🔍📊 Summary of the Code with Emojis
This code snippet focuses on finding the roots of a function, i.e., solving for func(x) = 0
, using two distinct methods: Newton-Raphson method and Ridder's Method. Authored by L. Rossman on 11/19/13, it's a part of a larger numerical analysis routine.
1. Newton-Raphson Method 📐🔢
- Purpose: Used to find the root of a function bracketed between
x1
andx2
. - Process: Combines Newton-Raphson and bisection methods.
- Root Refinement: Refines the root
rts
within an accuracy of+/-xacc
. - Function Evaluations: Returns the number of evaluations used or 0 if maximum iterations are exceeded.
- Constraints: Requires that
func(x1)
andfunc(x2)
have opposite signs. - Adjustments: May need to recalibrate subcatchment's properties like Percent Impervious and Width after LID placement.
- Special Conditions: Handles cases where Green Roofs and Roof Disconnection only treat direct precipitation.
2. Ridder's Method 🧮📉
- Functionality: Finds the root of
func
betweenx1
andx2
within an accuracy ofxacc
. - Return Values: Returns the root if found, or a large negative number if not.
- Methodology: Uses an algorithmic approach to refine the root estimate.
- Conditions: Effective when
func(x1)
andfunc(x2)
have opposite signs. - Iterations: Executes up to a maximum of
MAXIT
iterations. - Result: If the method converges, it returns the estimated root value.
Common Aspects of Both Methods 🔍🔄
- Max Iterations: Both methods limit the number of iterations to
MAXIT
(60). - Accuracy: Aim to refine the root estimate to within a specified accuracy (
xacc
). - Error Checking: Includes checks for function values and bisection requirements.

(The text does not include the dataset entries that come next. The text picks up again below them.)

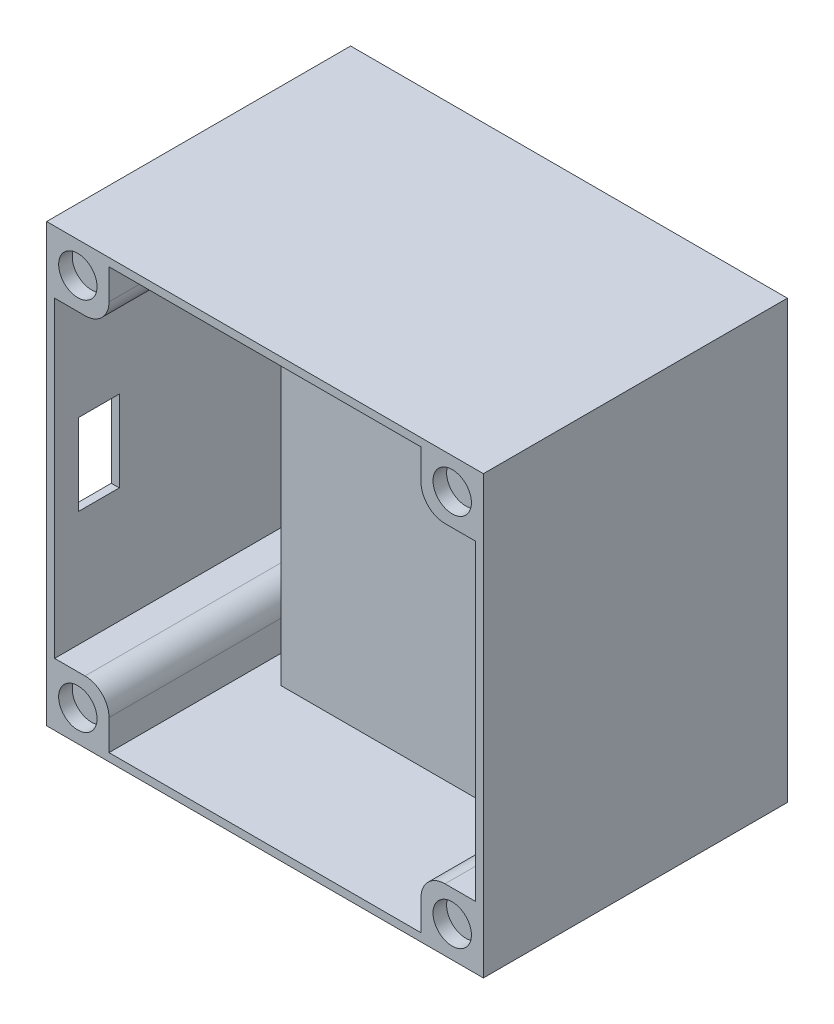
SolidWorks part; units mm, degrees
ref_plane "Přední rovina" through (0, 0, 0) normal (0, 0, 1) x (1, 0, 0)
ref_plane "Horní rovina" through (0, 0, 0) normal (0, 1, 0) x (1, 0, 0)
ref_plane "Pravá rovina" through (0, 0, 0) normal (1, 0, 0) x (0, 0, -1)
sketch "Skica1" plane through (0, 0, 0) normal (0, 0, 1) x (1, 0, 0)
  line L1 (27.3, 27.3) -> (-27.3, 27.3)
  line L2 (27.3, 27.3) -> (27.3, -27.3)
  line L3 (27.3, -27.3) -> (-27.3, -27.3)
  line L4 (-27.3, 27.3) -> (-27.3, -27.3)
  line L5 (27.3, 27.3) -> (-27.3, -27.3) construction
  line L6 (27.3, -27.3) -> (-27.3, 27.3) construction
  point P0 (0, 0)
  point P5 (-27.5, 0)
  point P11 (4.5, 0)
  dimension "D1" = 54.6
  dimension "D2" = 54.6
extrude "Přidat vysunutím2" add sketch "Skica1" along normal blind 3 contours L2 L1 L4 L3
sketch "Skica14" plane through (0, 0, 3) normal (0, 0, 1) x (1, 0, 0)
  line L1 (-27.3, 27.3) -> (27.3, 27.3)
  line L2 (-27.3, 27.3) -> (-27.3, -27.3)
  line L3 (-27.3, -27.3) -> (27.3, -27.3)
  line L4 (27.3, 27.3) -> (27.3, -27.3)
  line L5 (-26.3, 26.3) -> (26.3, 26.3)
  line L6 (-26.3, 26.3) -> (-26.3, -27.3)
  line L7 (-26.3, -27.3) -> (26.3, -27.3)
  line L8 (26.3, 26.3) -> (26.3, -27.3)
  line L9 (-26.3, -27.3) -> (26.3, -27.3)
  line L10 (-26.3, -27.3) -> (-26.3, -26.3)
  line L11 (-26.3, -26.3) -> (26.3, -26.3)
  line L12 (26.3, -27.3) -> (26.3, -26.3)
  line M13 (-27.3, -27.3) -> (27.3, -27.3)
  line M14 (27.3, -27.3) -> (27.3, 27.3)
  line M15 (27.3, 27.3) -> (-27.3, 27.3)
  line M16 (-27.3, 27.3) -> (-27.3, -27.3)
  dimension "D1" = 1
  dimension "D2" = 1
  dimension "D3" = 1
  dimension "D4" = 0
  dimension "D5" = 1
  dimension "D6" = 52.6
extrude "Přidat vysunutím9" add sketch "Skica14" along normal blind 35 contours L5 L8 L6 M13 M14 M15 M16 | L10 L9 L12 L11 region at (0, 26.5278, 3)
sketch "Skica19" plane through (0, 0, 0) normal (0, 0, -1) x (-1, 0, 0)
  line L1 (-27.3, 27.3) -> (-19.5, 27.3)
  line L2 (-27.3, 27.3) -> (-27.3, 19.5)
  line L3 (-27.3, 19.5) -> (-19.5, 19.5)
  line L4 (-19.5, 27.3) -> (-19.5, 19.5)
  line L5 (27.3, 27.3) -> (19.5, 27.3)
  line L6 (27.3, 27.3) -> (27.3, 19.5)
  line L7 (27.3, 19.5) -> (19.5, 19.5)
  line L8 (19.5, 27.3) -> (19.5, 19.5)
  line L9 (-27.3, -27.3) -> (-19.5, -27.3)
  line L10 (-27.3, -27.3) -> (-27.3, -19.5)
  line L11 (-27.3, -19.5) -> (-19.5, -19.5)
  line L12 (-19.5, -27.3) -> (-19.5, -19.5)
  line L13 (27.3, -27.3) -> (19.5, -27.3)
  line L14 (27.3, -27.3) -> (27.3, -19.5)
  line L15 (27.3, -19.5) -> (19.5, -19.5)
  line L16 (19.5, -27.3) -> (19.5, -19.5)
  dimension "D1" = 7.8
  dimension "D2" = 7.8
  dimension "D3" = 7.8
  dimension "D4" = 7.8
extrude "Přidat vysunutím10" add sketch "Skica19" against normal blind 38
sketch "Skica20" plane through (0, 0, 38) normal (0, 0, 1) x (1, 0, 0)
  line L0 (-27.3, -27.3) -> (27.3, -27.3) construction
  line L1 (-19.5, -26.3) -> (-19.5, -19.5) construction
  line L2 (-27.3, 27.3) -> (-27.3, -27.3) construction
  line L3 (27.3, 27.3) -> (-27.3, 27.3) construction
  line L4 (27.3, -27.3) -> (27.3, 27.3) construction
  line L5 (-27.3, -27.3) -> (27.3, -27.3) construction
  circle A0 centre (-23.4, -23.4) radius 2.4
  circle A1 centre (-23.4, 23.4) radius 2.4
  circle A2 centre (23.4003, 23.4) radius 2.4
  circle A3 centre (23.4003, -23.4) radius 2.4
  dimension "D1" = 4.8
  dimension "D4" = 4.8
  dimension "D5" = 3.9
  dimension "D7" = 4.8
  dimension "D10" = 4.8
  dimension "D2" = 3.9
  dimension "D3" = 3.9
  dimension "D6" = 3.9
  dimension "D8" = 3.8997
  dimension "D9" = 3.9
  dimension "D11" = 3.9
  dimension "D12" = 3.8997
extrude "Odebrat vysunutím9" cut sketch "Skica20" against normal blind 1.7
fillet "Zaoblit1" radius 3 4 edges at (19.5, 19.5, 20.5) (19.5, -19.5, 20.5) (-19.5, -19.5, 20.5) (-19.5, 19.5, 20.5)
sketch "Skica25" plane through (0, 0, 0) normal (0, 0, -1) x (-1, 0, 0)
  line L0 (27.3, 27.3) -> (27.3, -27.3) construction
  line L1 (16, 27.3) -> (-16, 27.3)
  line L2 (16, 27.3) -> (16, -27.3)
  line L3 (16, -27.3) -> (-16, -27.3)
  line L4 (-16, 27.3) -> (-16, -27.3)
  line L5 (-27.3, 27.3) -> (27.3, 27.3) construction
  dimension "D1" = 54.6
  dimension "D2" = 32
  dimension "D3" = 11.3
  dimension "D4" = 0
extrude "Přidat vysunutím12" add sketch "Skica25" against normal blind 20
sketch "Skica26" plane through (0, 0, 0) normal (0, 0, -1) x (-1, 0, 0)
  line L0 (-27.3, 27.3) -> (-27.3, -27.3) construction
  line L1 (-15, 26) -> (15, 26)
  line L2 (-15, 26) -> (-15, -26)
  line L3 (-15, -26) -> (15, -26)
  line L4 (15, 26) -> (15, -26)
  line L5 (-27.3, 27.3) -> (27.3, 27.3) construction
  dimension "D1" = 52
  dimension "D2" = 30
  dimension "D3" = 12.3
  dimension "D4" = 1.3
extrude "Odebrat vysunutím11" cut sketch "Skica26" against normal blind 19
sketch "Skica27" plane through (-27.3, 0, 0) normal (-1, 0, 0) x (0, 0, 1)
  line L0 (38, 27.3) -> (0, 27.3) construction
  line L1 (35, 5.08) -> (29.92, 5.08)
  line L2 (35, 5.08) -> (35, -5.08)
  line L3 (35, -5.08) -> (29.92, -5.08)
  line L4 (29.92, 5.08) -> (29.92, -5.08)
  line L5 (38, -27.3) -> (0, -27.3) construction
  line L6 (38, 27.3) -> (38, -27.3) construction
  dimension "D1" = 10.16
  dimension "D2" = 5.08
  dimension "D3" = 22.22
  dimension "D4" = 22.22
  dimension "D5" = 3
extrude "Odebrat vysunutím12" cut sketch "Skica27" against normal blind 1
sketch "Skica28" plane through (0, 0, 0) normal (0, 0, -1) x (-1, 0, 0)
  line L0 (-15, 26) -> (-15, -26) construction
  line L1 (-15, 20.9403) -> (-24, 20.9403)
  line L2 (-15, 20.9403) -> (-15, 12.9403)
  line L3 (-15, 12.9403) -> (-24, 12.9403)
  line L4 (-24, 20.9403) -> (-24, 12.9403)
  dimension "D1" = 8
  dimension "D2" = 9
extrude "Odebrat vysunutím13" cut sketch "Skica28" against normal blind 1
fillet "Zaoblit3" radius 4 2 edges at (24, 12.9403, 0.5) (24, 20.9403, 0.5)
sketch "Skica29" plane through (-15, 0, 0) normal (1, 0, 0) x (0, 0, -1)
  line L0 (0, -26) -> (0, 26) construction
  line L1 (-1, 21) -> (-0.5, 21)
  line L2 (-1, 21) -> (-1, 17)
  line L3 (-1, 17) -> (-0.5, 17)
  line L4 (-0.5, 21) -> (-0.5, 17)
  line L5 (-19, -26) -> (0, -26) construction
  line L6 (-1.08, -17) -> (-0.58, -17)
  line L7 (-1.08, -17) -> (-1.08, -21)
  line L8 (-1.08, -21) -> (-0.58, -21)
  line L9 (-0.58, -17) -> (-0.58, -21)
  line L10 (-19, 26) -> (0, 26) construction
  dimension "D1" = 4
  dimension "D2" = 0.5
  dimension "D3" = 0.5
  dimension "D4" = 4
  dimension "D5" = 0.5
  dimension "D6" = 0.58
  dimension "D7" = 5
  dimension "D8" = 5
extrude "Odebrat vysunutím14" cut sketch "Skica29" against normal blind 2
sketch "Skica30" plane through (0, 0, 1) normal (0, 0, -1) x (-1, 0, 0)
  circle A0 centre (-20, 16.9403) radius 0.9
  dimension "D1" = 1.8
  dimension "D2" = 4
  dimension "D3" = 4
extrude "Odebrat vysunutím15" cut sketch "Skica30" against normal blind 2
sketch "Skica31" plane through (0, 0, 19) normal (0, 0, -1) x (-1, 0, 0)
  line L1 (-15, 26) -> (-9, 26)
  line L2 (-15, 26) -> (-15, 22)
  line L3 (-15, 22) -> (-9, 22)
  line L4 (-9, 26) -> (-9, 22)
  dimension "D1" = 4
  dimension "D2" = 6
extrude "Odebrat vysunutím16" cut sketch "Skica31" against normal blind 2
fillet "Zaoblit4" radius 1 1 edges at (9, 22, 19.5)

Implementation Details 🖥️💡
- Header File: Utilizes a custom header file
findroot.h
. - Mathematical Functions: Employs standard math functions from
math.h
. - Constants: Defines a
SIGN
function and setsMAXIT
as 60.
Application Scenario 🌍📚
This code is typically used in scenarios like hydrological modeling or environmental simulations where root-finding algorithms are crucial for analyzing and predicting natural processes.
🔎 In summary, the code effectively implements two root-finding algorithms with careful considerations for accuracy, iteration limits, and method-specific conditions, making it a valuable tool for numerical computations in various scientific and engineering applications.